What this task involves.
Lines before the one containing "- Insert:96: Mount" are left out; copy that line and every later line through the end of the data exactly.
:: Extracted information ::
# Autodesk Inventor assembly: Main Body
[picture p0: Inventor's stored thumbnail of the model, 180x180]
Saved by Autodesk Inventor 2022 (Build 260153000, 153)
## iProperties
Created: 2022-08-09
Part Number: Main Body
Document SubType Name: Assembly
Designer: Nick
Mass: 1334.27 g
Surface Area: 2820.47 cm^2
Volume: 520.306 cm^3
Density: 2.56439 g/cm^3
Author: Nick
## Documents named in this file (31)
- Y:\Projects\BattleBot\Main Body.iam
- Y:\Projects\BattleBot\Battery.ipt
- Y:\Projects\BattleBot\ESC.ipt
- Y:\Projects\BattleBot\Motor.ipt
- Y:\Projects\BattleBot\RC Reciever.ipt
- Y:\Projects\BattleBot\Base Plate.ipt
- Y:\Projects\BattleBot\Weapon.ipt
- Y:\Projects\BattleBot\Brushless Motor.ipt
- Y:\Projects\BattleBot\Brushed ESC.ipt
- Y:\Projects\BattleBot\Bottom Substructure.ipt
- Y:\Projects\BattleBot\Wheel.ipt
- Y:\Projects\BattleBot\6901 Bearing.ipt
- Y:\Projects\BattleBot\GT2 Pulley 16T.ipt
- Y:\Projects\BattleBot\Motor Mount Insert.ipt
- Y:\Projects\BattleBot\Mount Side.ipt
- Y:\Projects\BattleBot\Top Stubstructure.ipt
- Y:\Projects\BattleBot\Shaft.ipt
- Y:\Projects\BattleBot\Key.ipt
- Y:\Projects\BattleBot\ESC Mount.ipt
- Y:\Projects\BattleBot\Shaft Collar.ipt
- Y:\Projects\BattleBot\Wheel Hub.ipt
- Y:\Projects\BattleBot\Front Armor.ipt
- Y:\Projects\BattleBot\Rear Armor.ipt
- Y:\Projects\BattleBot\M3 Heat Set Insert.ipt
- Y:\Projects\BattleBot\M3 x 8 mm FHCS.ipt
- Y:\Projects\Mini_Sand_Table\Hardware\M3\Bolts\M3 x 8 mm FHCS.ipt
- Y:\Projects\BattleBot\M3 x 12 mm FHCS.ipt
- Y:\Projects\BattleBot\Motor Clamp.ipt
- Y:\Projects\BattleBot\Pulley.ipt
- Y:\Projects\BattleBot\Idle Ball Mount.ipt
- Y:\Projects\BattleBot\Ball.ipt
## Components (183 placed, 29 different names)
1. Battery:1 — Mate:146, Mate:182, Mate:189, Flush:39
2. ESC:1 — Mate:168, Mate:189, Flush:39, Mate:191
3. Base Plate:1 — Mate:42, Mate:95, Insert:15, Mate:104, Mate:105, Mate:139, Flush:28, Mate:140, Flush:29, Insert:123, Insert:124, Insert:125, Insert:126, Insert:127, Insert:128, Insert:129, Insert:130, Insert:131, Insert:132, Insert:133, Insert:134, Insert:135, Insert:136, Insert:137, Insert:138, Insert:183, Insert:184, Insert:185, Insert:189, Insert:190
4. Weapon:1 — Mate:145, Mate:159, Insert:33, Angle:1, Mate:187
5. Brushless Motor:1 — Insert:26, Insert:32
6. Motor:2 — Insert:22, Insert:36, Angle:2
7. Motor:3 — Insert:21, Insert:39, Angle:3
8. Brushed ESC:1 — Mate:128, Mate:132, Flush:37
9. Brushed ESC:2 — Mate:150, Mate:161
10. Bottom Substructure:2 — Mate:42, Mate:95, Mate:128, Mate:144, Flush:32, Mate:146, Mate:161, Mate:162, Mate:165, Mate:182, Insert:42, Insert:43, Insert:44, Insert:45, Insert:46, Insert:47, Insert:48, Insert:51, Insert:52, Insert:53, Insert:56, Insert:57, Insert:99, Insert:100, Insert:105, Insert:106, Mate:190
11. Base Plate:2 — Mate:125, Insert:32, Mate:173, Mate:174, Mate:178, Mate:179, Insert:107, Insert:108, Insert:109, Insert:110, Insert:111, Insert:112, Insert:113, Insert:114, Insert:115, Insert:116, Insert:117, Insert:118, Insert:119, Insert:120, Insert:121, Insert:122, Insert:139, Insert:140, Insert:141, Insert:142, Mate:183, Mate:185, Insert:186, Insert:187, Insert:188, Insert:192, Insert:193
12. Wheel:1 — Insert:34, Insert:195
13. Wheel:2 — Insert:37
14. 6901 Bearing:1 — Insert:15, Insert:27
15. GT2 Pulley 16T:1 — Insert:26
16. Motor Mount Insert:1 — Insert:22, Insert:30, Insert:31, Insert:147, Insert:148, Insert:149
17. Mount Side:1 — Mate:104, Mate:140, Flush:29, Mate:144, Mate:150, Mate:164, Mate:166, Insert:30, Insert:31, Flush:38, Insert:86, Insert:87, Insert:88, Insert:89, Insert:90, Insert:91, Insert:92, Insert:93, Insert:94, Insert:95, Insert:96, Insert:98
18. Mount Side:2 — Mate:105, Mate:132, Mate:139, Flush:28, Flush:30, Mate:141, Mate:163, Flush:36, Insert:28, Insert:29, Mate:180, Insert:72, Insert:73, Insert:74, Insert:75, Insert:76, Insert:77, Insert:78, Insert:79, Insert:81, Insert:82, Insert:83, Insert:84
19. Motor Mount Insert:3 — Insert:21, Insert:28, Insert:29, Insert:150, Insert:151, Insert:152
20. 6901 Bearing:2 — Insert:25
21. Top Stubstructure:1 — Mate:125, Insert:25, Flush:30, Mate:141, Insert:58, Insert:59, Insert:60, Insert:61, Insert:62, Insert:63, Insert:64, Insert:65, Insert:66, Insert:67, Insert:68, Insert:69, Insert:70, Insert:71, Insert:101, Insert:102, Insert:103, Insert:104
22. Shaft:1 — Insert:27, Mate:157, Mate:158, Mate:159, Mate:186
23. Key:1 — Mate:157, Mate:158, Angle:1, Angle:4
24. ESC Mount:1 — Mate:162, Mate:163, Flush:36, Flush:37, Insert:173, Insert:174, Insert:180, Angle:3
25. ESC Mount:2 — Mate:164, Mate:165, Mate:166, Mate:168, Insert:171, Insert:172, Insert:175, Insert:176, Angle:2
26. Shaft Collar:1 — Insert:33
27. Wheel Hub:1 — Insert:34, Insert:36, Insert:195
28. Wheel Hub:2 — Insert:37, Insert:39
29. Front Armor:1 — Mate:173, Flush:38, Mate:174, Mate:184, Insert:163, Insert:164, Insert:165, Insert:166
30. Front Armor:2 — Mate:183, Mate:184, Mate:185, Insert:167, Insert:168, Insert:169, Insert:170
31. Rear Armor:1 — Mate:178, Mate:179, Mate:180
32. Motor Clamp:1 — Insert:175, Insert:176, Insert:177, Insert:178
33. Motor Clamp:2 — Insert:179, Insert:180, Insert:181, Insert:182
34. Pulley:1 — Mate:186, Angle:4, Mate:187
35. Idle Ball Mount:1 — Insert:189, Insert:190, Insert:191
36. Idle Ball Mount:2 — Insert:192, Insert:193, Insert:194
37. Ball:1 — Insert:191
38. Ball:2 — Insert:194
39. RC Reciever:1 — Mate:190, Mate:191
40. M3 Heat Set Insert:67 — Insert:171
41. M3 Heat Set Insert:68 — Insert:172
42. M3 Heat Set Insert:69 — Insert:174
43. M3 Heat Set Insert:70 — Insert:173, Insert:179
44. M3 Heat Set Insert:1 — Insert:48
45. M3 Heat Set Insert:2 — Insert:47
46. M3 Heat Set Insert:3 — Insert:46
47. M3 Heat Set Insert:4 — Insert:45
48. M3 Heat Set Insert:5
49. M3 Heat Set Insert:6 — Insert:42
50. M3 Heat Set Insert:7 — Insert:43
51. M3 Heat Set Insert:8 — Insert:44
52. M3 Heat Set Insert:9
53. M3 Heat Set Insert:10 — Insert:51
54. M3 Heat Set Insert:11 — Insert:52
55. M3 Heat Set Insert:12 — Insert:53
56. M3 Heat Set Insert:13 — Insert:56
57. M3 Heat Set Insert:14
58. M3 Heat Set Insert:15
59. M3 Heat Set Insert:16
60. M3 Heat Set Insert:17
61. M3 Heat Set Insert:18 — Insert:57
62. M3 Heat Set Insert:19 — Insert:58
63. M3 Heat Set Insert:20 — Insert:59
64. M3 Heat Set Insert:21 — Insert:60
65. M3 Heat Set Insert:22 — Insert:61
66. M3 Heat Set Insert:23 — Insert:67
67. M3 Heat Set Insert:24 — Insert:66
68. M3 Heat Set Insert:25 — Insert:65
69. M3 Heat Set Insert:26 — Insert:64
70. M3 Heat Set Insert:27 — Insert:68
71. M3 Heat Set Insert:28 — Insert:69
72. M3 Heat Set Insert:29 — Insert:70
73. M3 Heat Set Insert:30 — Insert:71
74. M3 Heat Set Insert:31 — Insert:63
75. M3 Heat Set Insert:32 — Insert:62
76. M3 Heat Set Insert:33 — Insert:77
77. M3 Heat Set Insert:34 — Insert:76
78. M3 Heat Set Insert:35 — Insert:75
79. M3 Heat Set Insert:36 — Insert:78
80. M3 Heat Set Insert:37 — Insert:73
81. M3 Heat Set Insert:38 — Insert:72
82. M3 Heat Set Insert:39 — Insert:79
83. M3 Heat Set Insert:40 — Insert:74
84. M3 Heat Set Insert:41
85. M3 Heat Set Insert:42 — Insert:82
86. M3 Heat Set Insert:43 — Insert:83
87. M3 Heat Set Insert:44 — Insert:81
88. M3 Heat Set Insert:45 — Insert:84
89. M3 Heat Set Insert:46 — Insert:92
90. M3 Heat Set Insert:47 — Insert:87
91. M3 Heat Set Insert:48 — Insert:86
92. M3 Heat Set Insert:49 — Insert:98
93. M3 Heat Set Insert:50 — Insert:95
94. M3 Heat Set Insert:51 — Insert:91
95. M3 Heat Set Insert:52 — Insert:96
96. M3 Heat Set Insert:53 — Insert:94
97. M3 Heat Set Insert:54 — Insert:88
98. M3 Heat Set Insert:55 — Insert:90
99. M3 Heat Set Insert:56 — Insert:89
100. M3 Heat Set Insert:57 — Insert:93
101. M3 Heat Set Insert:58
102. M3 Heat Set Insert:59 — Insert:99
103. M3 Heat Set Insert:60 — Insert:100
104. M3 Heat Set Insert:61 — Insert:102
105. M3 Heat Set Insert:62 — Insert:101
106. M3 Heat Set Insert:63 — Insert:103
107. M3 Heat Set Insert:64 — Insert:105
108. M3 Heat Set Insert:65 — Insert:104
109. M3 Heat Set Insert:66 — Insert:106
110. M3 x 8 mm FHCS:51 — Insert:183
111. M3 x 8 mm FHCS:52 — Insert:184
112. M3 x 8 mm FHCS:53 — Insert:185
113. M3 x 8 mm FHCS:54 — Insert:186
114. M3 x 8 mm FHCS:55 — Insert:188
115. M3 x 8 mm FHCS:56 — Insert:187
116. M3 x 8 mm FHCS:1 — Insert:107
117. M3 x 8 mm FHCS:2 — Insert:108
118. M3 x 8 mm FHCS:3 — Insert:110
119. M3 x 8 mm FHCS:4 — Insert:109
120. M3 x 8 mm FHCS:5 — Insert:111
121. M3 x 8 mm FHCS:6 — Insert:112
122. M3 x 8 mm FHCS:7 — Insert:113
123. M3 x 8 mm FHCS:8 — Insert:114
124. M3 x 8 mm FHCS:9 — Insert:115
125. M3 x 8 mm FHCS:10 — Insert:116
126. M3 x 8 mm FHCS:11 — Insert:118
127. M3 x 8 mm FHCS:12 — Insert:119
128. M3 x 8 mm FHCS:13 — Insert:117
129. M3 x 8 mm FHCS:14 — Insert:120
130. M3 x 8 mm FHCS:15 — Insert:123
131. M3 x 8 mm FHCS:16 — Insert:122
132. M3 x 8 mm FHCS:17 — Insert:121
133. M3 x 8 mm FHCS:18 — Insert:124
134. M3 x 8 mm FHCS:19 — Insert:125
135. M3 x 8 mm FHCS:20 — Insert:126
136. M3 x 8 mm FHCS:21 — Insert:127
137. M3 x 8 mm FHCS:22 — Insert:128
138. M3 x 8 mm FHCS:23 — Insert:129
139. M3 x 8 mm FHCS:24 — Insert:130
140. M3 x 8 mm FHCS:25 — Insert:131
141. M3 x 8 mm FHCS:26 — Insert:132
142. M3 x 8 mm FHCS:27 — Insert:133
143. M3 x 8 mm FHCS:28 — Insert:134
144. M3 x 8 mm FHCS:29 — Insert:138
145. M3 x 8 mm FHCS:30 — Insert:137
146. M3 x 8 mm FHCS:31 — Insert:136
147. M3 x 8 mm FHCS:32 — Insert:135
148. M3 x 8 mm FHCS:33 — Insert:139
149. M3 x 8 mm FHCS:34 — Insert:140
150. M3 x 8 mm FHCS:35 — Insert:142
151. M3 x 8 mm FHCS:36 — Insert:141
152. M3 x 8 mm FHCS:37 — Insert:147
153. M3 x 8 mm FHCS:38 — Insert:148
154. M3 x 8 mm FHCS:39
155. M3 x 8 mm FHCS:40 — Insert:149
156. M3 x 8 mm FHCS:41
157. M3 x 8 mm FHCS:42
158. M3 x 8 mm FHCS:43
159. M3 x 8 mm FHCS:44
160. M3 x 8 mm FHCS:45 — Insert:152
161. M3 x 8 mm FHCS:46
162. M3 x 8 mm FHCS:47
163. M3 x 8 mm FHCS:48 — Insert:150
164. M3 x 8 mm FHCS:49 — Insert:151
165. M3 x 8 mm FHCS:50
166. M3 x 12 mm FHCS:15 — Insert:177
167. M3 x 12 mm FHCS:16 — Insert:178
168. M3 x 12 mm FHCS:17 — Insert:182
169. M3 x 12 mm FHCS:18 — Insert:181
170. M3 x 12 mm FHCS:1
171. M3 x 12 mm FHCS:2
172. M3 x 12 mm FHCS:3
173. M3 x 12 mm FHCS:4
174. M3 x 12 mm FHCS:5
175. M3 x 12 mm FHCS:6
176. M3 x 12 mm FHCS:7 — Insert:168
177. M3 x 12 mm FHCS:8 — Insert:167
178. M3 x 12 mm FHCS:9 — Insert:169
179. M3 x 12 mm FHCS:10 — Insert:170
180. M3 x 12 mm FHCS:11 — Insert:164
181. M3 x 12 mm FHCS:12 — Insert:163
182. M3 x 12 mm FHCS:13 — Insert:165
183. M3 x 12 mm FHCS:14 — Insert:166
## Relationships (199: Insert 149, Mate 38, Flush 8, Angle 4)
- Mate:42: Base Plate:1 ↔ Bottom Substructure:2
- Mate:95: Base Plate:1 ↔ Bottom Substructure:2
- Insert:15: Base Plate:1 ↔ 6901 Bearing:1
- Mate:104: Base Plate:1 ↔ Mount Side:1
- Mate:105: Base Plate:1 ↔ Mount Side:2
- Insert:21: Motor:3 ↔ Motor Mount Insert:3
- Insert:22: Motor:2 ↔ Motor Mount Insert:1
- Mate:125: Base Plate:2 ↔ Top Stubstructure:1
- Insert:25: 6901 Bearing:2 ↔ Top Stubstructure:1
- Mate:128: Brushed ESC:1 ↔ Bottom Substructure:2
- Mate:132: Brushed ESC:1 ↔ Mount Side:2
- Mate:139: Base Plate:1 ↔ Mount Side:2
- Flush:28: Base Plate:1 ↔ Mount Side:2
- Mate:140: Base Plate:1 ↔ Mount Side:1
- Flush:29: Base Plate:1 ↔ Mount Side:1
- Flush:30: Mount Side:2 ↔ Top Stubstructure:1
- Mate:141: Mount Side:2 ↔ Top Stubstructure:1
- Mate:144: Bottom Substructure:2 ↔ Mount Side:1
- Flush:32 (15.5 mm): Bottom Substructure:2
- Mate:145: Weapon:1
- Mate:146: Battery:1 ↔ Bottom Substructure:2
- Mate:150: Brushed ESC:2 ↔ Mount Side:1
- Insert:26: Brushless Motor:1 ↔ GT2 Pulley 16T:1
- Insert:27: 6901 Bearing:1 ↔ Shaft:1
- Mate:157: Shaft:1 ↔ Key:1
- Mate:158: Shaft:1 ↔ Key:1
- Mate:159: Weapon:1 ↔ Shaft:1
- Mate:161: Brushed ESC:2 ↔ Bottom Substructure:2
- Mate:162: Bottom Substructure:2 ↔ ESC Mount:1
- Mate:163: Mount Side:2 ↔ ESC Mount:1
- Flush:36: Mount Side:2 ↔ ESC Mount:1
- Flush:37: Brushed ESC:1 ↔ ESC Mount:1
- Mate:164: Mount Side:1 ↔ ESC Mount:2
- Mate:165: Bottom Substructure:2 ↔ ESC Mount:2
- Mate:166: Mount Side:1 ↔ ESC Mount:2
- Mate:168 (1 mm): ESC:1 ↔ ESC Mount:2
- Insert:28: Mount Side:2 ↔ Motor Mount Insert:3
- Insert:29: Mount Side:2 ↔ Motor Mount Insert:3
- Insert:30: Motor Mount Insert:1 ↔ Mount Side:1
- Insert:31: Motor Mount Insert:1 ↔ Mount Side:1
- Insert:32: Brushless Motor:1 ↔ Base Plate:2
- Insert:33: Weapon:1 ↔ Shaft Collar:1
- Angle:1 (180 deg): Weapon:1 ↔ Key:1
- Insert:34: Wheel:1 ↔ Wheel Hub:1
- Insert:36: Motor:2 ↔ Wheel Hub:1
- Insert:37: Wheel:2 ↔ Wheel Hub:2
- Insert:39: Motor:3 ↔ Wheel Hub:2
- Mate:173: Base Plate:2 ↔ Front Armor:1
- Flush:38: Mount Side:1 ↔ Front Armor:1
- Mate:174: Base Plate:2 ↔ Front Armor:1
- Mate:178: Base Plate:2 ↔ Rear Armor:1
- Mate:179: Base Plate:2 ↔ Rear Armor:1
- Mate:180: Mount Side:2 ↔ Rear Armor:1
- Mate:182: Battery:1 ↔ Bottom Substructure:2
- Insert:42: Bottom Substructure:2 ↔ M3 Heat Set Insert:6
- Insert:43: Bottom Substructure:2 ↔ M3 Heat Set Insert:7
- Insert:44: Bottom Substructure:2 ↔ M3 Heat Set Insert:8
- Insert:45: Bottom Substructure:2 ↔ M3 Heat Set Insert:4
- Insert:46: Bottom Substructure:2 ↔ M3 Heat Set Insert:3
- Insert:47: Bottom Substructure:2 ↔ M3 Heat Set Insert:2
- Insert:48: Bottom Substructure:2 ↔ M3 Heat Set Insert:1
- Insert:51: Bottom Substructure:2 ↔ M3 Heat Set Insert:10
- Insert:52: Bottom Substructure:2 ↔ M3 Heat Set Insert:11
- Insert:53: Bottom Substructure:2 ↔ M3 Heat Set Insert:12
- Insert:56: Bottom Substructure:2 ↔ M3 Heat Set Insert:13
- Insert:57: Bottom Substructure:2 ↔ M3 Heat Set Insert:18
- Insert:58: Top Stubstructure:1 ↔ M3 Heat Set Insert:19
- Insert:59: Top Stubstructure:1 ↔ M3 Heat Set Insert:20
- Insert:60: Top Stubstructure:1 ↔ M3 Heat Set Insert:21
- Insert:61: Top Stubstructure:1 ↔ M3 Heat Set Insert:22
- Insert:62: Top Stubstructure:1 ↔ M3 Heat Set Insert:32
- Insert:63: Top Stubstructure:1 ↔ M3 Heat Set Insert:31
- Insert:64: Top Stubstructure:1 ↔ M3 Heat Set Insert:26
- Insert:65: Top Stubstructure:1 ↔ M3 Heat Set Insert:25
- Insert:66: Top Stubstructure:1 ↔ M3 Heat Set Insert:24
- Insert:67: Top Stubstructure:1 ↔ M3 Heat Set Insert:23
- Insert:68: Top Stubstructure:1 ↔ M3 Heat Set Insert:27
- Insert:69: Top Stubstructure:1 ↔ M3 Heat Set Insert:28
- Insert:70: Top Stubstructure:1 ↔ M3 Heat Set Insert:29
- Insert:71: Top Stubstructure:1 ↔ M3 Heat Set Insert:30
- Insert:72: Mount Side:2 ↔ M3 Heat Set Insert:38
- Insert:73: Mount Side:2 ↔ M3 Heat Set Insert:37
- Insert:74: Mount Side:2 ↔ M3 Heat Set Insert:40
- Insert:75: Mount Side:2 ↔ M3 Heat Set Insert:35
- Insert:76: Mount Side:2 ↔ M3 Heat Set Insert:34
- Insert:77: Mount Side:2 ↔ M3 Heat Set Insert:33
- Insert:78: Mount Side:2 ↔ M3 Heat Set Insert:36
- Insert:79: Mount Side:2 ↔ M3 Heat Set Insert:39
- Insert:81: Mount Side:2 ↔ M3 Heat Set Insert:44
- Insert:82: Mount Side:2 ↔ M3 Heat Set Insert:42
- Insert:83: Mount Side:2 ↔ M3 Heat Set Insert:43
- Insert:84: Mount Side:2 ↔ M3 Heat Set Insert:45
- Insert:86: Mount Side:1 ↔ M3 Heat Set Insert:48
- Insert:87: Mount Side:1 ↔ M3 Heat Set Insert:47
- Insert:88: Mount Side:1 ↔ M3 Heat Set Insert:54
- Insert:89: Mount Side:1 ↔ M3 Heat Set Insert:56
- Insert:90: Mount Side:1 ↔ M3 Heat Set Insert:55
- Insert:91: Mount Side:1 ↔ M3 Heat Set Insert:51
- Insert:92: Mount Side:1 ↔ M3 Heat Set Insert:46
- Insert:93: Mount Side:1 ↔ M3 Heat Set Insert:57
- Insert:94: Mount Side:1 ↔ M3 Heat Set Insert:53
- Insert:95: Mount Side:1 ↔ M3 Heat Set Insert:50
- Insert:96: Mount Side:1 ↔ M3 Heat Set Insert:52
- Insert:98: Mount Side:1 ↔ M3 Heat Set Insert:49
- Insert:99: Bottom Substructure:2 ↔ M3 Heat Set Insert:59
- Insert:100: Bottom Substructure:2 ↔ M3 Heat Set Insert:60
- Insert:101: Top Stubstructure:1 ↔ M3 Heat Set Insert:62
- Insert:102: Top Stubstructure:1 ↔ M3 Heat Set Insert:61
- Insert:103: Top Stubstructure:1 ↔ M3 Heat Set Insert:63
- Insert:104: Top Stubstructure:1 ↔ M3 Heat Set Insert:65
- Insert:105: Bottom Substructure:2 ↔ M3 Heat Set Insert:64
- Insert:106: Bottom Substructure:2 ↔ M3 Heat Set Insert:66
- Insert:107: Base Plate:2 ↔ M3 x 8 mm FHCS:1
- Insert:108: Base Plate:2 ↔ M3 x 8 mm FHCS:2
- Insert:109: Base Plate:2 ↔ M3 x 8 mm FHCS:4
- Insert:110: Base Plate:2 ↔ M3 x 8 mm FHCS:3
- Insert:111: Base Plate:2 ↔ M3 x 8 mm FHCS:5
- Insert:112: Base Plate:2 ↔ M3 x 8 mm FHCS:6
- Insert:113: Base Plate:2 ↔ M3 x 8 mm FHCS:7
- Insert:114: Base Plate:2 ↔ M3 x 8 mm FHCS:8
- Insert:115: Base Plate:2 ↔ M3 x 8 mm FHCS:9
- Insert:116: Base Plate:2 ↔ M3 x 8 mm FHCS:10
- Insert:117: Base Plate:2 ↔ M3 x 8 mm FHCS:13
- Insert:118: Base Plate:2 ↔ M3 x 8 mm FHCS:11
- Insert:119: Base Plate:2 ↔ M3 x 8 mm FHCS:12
:::
Your response.
- Insert:96: Mount Side:1 ↔ M3 Heat Set Insert:52
- Insert:98: Mount Side:1 ↔ M3 Heat Set Insert:49
- Insert:99: Bottom Substructure:2 ↔ M3 Heat Set Insert:59
- Insert:100: Bottom Substructure:2 ↔ M3 Heat Set Insert:60
- Insert:101: Top Stubstructure:1 ↔ M3 Heat Set Insert:62
- Insert:102: Top Stubstructure:1 ↔ M3 Heat Set Insert:61
- Insert:103: Top Stubstructure:1 ↔ M3 Heat Set Insert:63
- Insert:104: Top Stubstructure:1 ↔ M3 Heat Set Insert:65
- Insert:105: Bottom Substructure:2 ↔ M3 Heat Set Insert:64
- Insert:106: Bottom Substructure:2 ↔ M3 Heat Set Insert:66
- Insert:107: Base Plate:2 ↔ M3 x 8 mm FHCS:1
- Insert:108: Base Plate:2 ↔ M3 x 8 mm FHCS:2
- Insert:109: Base Plate:2 ↔ M3 x 8 mm FHCS:4
- Insert:110: Base Plate:2 ↔ M3 x 8 mm FHCS:3
- Insert:111: Base Plate:2 ↔ M3 x 8 mm FHCS:5
- Insert:112: Base Plate:2 ↔ M3 x 8 mm FHCS:6
- Insert:113: Base Plate:2 ↔ M3 x 8 mm FHCS:7
- Insert:114: Base Plate:2 ↔ M3 x 8 mm FHCS:8
- Insert:115: Base Plate:2 ↔ M3 x 8 mm FHCS:9
- Insert:116: Base Plate:2 ↔ M3 x 8 mm FHCS:10
- Insert:117: Base Plate:2 ↔ M3 x 8 mm FHCS:13
- Insert:118: Base Plate:2 ↔ M3 x 8 mm FHCS:11
- Insert:119: Base Plate:2 ↔ M3 x 8 mm FHCS:12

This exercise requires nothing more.